Top of MATERIALS PROVIDED
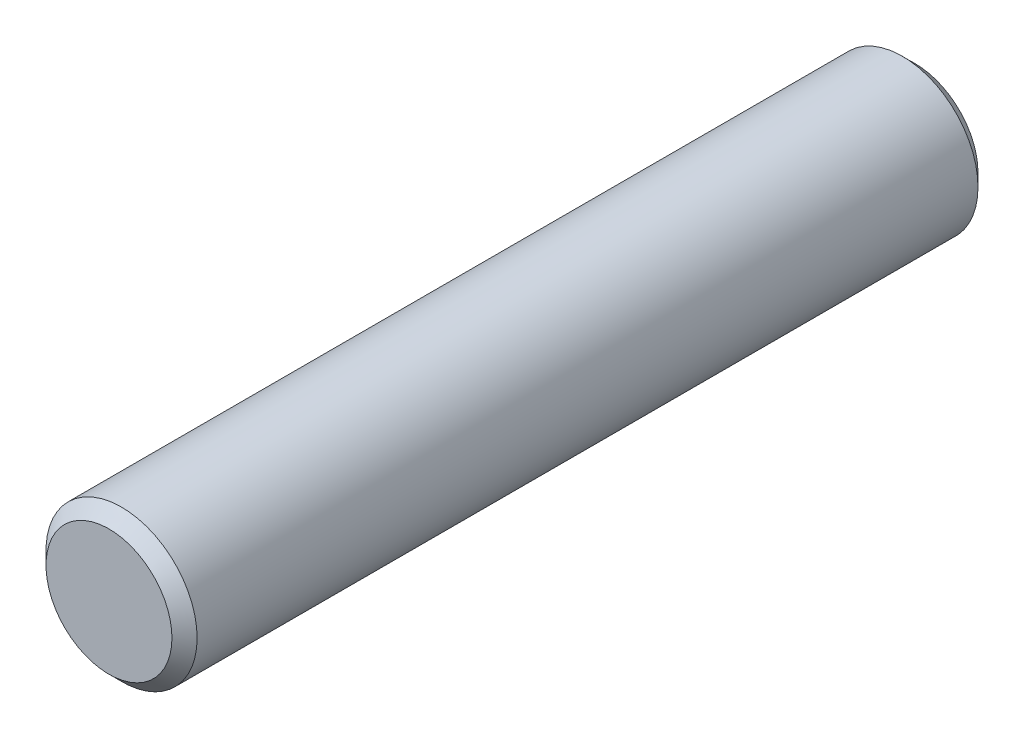
from build123d import *

# Parameters (mm, degrees)
SKETCH1_R           = 3
BOSS_EXTRUDE1_DEPTH = 32
CHAMFER1_SIZE       = 0.5


with BuildPart() as part:
    # Sketch1 → Boss-Extrude1 (new body)
    with BuildSketch(Plane.XY):
        Circle(SKETCH1_R)
    extrude(amount=BOSS_EXTRUDE1_DEPTH)

    # Chamfer1
    chamfer1_edges = [part.edges().sort_by_distance(p)[0] for p in [
        (-3, 0, 0),
        (-3, 0, 32),
    ]]
    chamfer(chamfer1_edges, length=CHAMFER1_SIZE)


solid = part.part
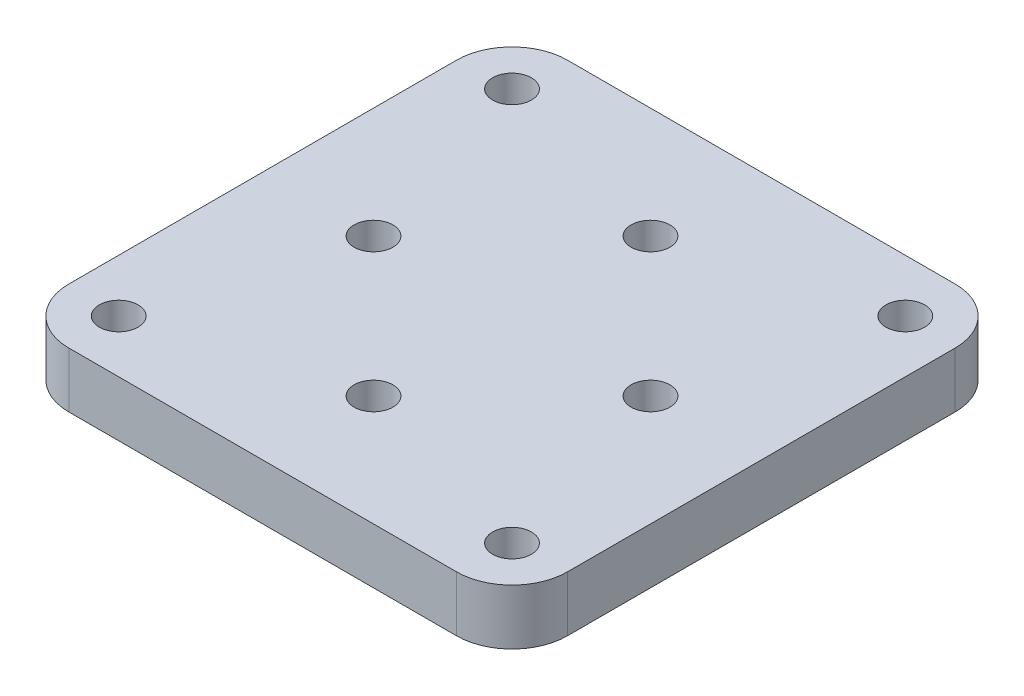
from build123d import *

# Parameters (mm, degrees)
SKETCH1_W            = 90
SKETCH1_H            = 90
BOSS_EXTRUDE1_DEPTH  = 10
M6_CLEARANCE_HOLE1_D = 7
M6_CLEARANCE_HOLE2_D = 7
FILLET1_R            = 10


with BuildPart() as part:
    # Sketch1 → Boss-Extrude1 (new body)
    with BuildSketch(Plane(origin=(0, 0, 0), x_dir=(1, 0, 0), z_dir=(0, 1, 0))):
        Rectangle(SKETCH1_W, SKETCH1_H)
    extrude(amount=BOSS_EXTRUDE1_DEPTH)

    # M6 Clearance Hole1 (through all)
    with Locations(Plane(origin=(0, 10, 0), x_dir=(1, 0, 0), z_dir=(0, 1, 0))):
        with Locations((-25, 0), (0, 25), (25, 0), (0, -25)):
            Hole(M6_CLEARANCE_HOLE1_D / 2)

    # M6 Clearance Hole2 (through all)
    with Locations(Plane(origin=(-35.5, 10, -35.5), x_dir=(0, 0, 1), z_dir=(0, 1, 0))):
        with Locations((0, 0), (71, 0), (0, 71), (71, 71)):
            Hole(M6_CLEARANCE_HOLE2_D / 2)

    # Fillet1
    fillet1_edges = [part.edges().sort_by_distance(p)[0] for p in [
        (45, 5, 45),
        (-45, 5, 45),
        (-45, 5, -45),
        (45, 5, -45),
    ]]
    fillet(fillet1_edges, radius=FILLET1_R)


solid = part.part
Bottom of MATERIALS PROVIDED
• _WORK TO COMPLETE_
Please retype the data exactly, but do not carry over any picture.

• _TASK OUTPUT_
from build123d import *

# Parameters (mm, degrees)
SKETCH1_R           = 3
BOSS_EXTRUDE1_DEPTH = 32
CHAMFER1_SIZE       = 0.5


with BuildPart() as part:
    # Sketch1 → Boss-Extrude1 (new body)
    with BuildSketch(Plane.XY):
        Circle(SKETCH1_R)
    extrude(amount=BOSS_EXTRUDE1_DEPTH)

    # Chamfer1
    chamfer1_edges = [part.edges().sort_by_distance(p)[0] for p in [
        (-3, 0, 0),
        (-3, 0, 32),
    ]]
    chamfer(chamfer1_edges, length=CHAMFER1_SIZE)


solid = part.part
from build123d import *

# Parameters (mm, degrees)
SKETCH1_W            = 90
SKETCH1_H            = 90
BOSS_EXTRUDE1_DEPTH  = 10
M6_CLEARANCE_HOLE1_D = 7
M6_CLEARANCE_HOLE2_D = 7
FILLET1_R            = 10


with BuildPart() as part:
    # Sketch1 → Boss-Extrude1 (new body)
    with BuildSketch(Plane(origin=(0, 0, 0), x_dir=(1, 0, 0), z_dir=(0, 1, 0))):
        Rectangle(SKETCH1_W, SKETCH1_H)
    extrude(amount=BOSS_EXTRUDE1_DEPTH)

    # M6 Clearance Hole1 (through all)
    with Locations(Plane(origin=(0, 10, 0), x_dir=(1, 0, 0), z_dir=(0, 1, 0))):
        with Locations((-25, 0), (0, 25), (25, 0), (0, -25)):
            Hole(M6_CLEARANCE_HOLE1_D / 2)

    # M6 Clearance Hole2 (through all)
    with Locations(Plane(origin=(-35.5, 10, -35.5), x_dir=(0, 0, 1), z_dir=(0, 1, 0))):
        with Locations((0, 0), (71, 0), (0, 71), (71, 71)):
            Hole(M6_CLEARANCE_HOLE2_D / 2)

    # Fillet1
    fillet1_edges = [part.edges().sort_by_distance(p)[0] for p in [
        (45, 5, 45),
        (-45, 5, 45),
        (-45, 5, -45),
        (45, 5, -45),
    ]]
    fillet(fillet1_edges, radius=FILLET1_R)


solid = part.part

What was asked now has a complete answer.